Exercise directions ->
Pick each line containing "from" out of the records.

Task inputs ->
■ ■ ■ ■ ■
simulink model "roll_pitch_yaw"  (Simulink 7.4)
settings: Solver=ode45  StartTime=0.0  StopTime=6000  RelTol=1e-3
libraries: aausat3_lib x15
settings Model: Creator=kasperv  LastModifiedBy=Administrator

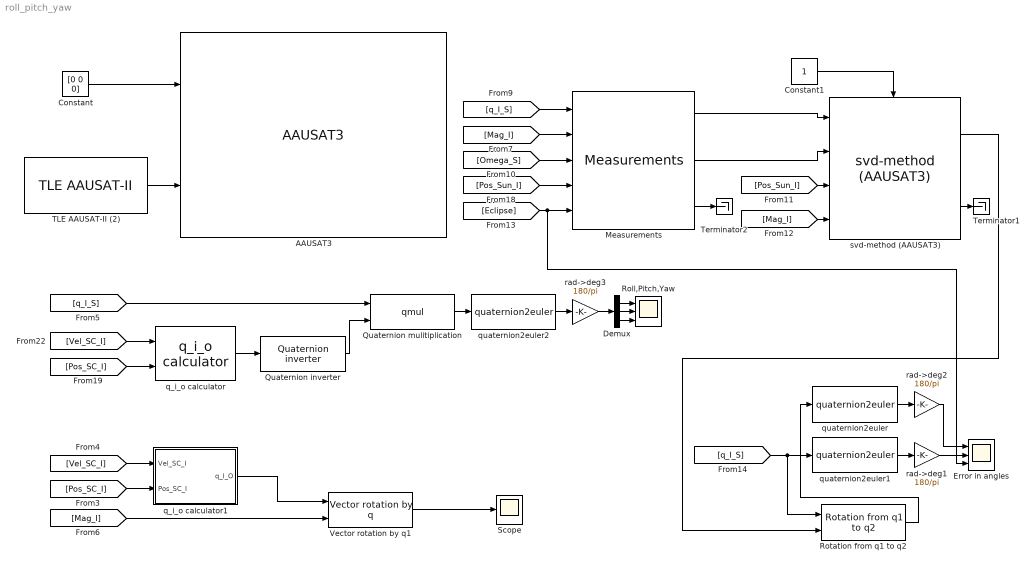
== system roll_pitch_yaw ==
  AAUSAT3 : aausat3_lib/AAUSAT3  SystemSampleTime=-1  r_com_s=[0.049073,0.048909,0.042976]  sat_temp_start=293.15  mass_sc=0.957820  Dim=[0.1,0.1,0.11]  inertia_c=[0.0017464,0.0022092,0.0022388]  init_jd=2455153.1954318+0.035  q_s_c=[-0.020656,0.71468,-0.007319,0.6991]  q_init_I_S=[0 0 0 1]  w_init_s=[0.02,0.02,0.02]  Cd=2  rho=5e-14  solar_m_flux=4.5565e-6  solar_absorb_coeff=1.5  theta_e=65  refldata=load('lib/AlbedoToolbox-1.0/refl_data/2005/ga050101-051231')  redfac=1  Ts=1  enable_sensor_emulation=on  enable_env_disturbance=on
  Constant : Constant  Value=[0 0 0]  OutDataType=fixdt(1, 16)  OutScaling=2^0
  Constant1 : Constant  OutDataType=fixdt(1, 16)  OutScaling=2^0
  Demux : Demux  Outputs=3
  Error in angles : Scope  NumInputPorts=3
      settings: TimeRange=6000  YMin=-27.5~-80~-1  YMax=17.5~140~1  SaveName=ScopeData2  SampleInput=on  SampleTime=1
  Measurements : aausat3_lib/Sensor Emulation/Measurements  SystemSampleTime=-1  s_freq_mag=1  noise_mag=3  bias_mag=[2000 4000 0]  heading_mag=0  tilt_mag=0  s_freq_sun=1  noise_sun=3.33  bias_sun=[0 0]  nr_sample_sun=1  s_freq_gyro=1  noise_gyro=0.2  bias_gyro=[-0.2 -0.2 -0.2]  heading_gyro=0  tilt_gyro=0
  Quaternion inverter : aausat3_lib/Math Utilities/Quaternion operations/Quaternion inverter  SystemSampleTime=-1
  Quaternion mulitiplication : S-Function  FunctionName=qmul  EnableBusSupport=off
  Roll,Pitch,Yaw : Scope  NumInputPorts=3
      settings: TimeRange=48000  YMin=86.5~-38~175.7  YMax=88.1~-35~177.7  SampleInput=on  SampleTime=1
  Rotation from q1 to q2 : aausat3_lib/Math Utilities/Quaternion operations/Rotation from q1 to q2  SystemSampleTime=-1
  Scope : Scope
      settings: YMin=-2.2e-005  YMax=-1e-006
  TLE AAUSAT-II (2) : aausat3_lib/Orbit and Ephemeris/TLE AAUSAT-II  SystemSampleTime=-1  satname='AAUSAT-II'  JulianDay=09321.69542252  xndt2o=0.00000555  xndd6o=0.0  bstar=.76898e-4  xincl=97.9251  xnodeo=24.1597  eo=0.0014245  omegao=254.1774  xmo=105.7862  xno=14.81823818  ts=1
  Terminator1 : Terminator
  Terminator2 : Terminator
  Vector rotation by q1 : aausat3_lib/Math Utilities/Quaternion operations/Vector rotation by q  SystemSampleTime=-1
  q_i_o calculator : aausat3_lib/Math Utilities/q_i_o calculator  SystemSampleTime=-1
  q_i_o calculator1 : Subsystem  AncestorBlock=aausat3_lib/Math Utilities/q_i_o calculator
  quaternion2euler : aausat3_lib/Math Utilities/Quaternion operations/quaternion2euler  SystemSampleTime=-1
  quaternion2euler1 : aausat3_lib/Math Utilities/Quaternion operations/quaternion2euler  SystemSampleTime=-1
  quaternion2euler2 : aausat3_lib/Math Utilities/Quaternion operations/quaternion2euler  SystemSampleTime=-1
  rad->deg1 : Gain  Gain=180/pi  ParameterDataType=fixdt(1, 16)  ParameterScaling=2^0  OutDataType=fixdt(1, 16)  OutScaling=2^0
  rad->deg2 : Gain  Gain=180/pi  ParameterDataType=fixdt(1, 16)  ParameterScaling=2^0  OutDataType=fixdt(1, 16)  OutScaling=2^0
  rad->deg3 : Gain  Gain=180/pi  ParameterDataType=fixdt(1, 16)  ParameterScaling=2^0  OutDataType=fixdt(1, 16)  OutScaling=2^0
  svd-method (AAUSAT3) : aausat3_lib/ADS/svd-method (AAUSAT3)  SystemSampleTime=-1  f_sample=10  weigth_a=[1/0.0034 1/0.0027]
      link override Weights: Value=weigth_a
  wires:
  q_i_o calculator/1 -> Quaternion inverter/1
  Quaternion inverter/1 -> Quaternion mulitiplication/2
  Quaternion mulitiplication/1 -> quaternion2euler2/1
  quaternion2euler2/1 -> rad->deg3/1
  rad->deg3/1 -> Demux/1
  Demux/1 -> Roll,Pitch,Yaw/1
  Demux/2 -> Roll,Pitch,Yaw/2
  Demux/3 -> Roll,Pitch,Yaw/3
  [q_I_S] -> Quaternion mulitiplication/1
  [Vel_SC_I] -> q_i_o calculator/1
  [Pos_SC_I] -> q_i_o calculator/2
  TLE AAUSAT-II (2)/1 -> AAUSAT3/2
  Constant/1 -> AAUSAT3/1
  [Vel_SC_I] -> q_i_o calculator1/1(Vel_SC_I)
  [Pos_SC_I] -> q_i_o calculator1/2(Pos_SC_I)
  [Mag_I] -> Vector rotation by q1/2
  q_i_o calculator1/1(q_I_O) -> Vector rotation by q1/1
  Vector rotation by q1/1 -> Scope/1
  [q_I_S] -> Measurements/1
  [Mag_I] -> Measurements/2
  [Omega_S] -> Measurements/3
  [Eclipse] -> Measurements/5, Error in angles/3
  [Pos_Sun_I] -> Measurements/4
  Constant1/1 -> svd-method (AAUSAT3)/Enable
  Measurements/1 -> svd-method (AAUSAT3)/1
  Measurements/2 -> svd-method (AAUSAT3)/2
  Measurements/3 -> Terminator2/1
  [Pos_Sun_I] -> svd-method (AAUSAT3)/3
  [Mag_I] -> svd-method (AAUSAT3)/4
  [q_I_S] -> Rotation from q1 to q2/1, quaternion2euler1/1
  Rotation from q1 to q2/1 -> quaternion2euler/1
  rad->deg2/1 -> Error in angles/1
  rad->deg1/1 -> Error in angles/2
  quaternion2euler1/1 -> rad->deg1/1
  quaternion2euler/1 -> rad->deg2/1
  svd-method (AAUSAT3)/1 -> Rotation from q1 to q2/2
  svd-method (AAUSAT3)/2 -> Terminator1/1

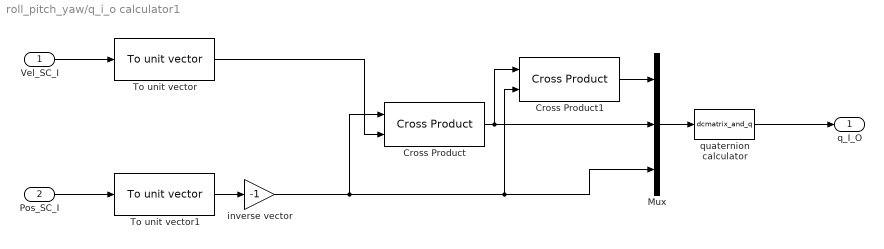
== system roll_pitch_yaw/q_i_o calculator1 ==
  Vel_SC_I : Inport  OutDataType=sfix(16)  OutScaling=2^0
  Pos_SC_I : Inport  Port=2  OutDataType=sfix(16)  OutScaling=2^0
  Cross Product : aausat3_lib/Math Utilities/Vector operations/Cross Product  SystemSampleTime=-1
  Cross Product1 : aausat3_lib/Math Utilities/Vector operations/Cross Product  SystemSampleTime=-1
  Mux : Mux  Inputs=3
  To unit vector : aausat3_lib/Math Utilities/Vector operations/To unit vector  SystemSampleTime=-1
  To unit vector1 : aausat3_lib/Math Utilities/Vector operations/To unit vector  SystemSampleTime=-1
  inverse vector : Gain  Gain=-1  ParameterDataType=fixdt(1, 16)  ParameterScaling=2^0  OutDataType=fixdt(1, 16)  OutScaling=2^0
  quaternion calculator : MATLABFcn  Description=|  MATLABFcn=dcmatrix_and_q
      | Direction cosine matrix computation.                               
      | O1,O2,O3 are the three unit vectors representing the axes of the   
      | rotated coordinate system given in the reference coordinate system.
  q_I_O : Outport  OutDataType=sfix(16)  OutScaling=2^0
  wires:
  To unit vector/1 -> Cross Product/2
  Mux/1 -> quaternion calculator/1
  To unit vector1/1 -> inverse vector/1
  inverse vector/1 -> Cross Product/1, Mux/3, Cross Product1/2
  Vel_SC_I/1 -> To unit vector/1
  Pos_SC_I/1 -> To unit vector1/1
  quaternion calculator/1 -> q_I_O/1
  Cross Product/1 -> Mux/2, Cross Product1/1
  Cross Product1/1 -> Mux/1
■ ■ ■ ■ ■
Response to the exercise ->
  Rotation from q1 to q2 : aausat3_lib/Math Utilities/Quaternion operations/Rotation from q1 to q2  SystemSampleTime=-1
  [q_I_S] -> Rotation from q1 to q2/1, quaternion2euler1/1
  Rotation from q1 to q2/1 -> quaternion2euler/1
  svd-method (AAUSAT3)/1 -> Rotation from q1 to q2/2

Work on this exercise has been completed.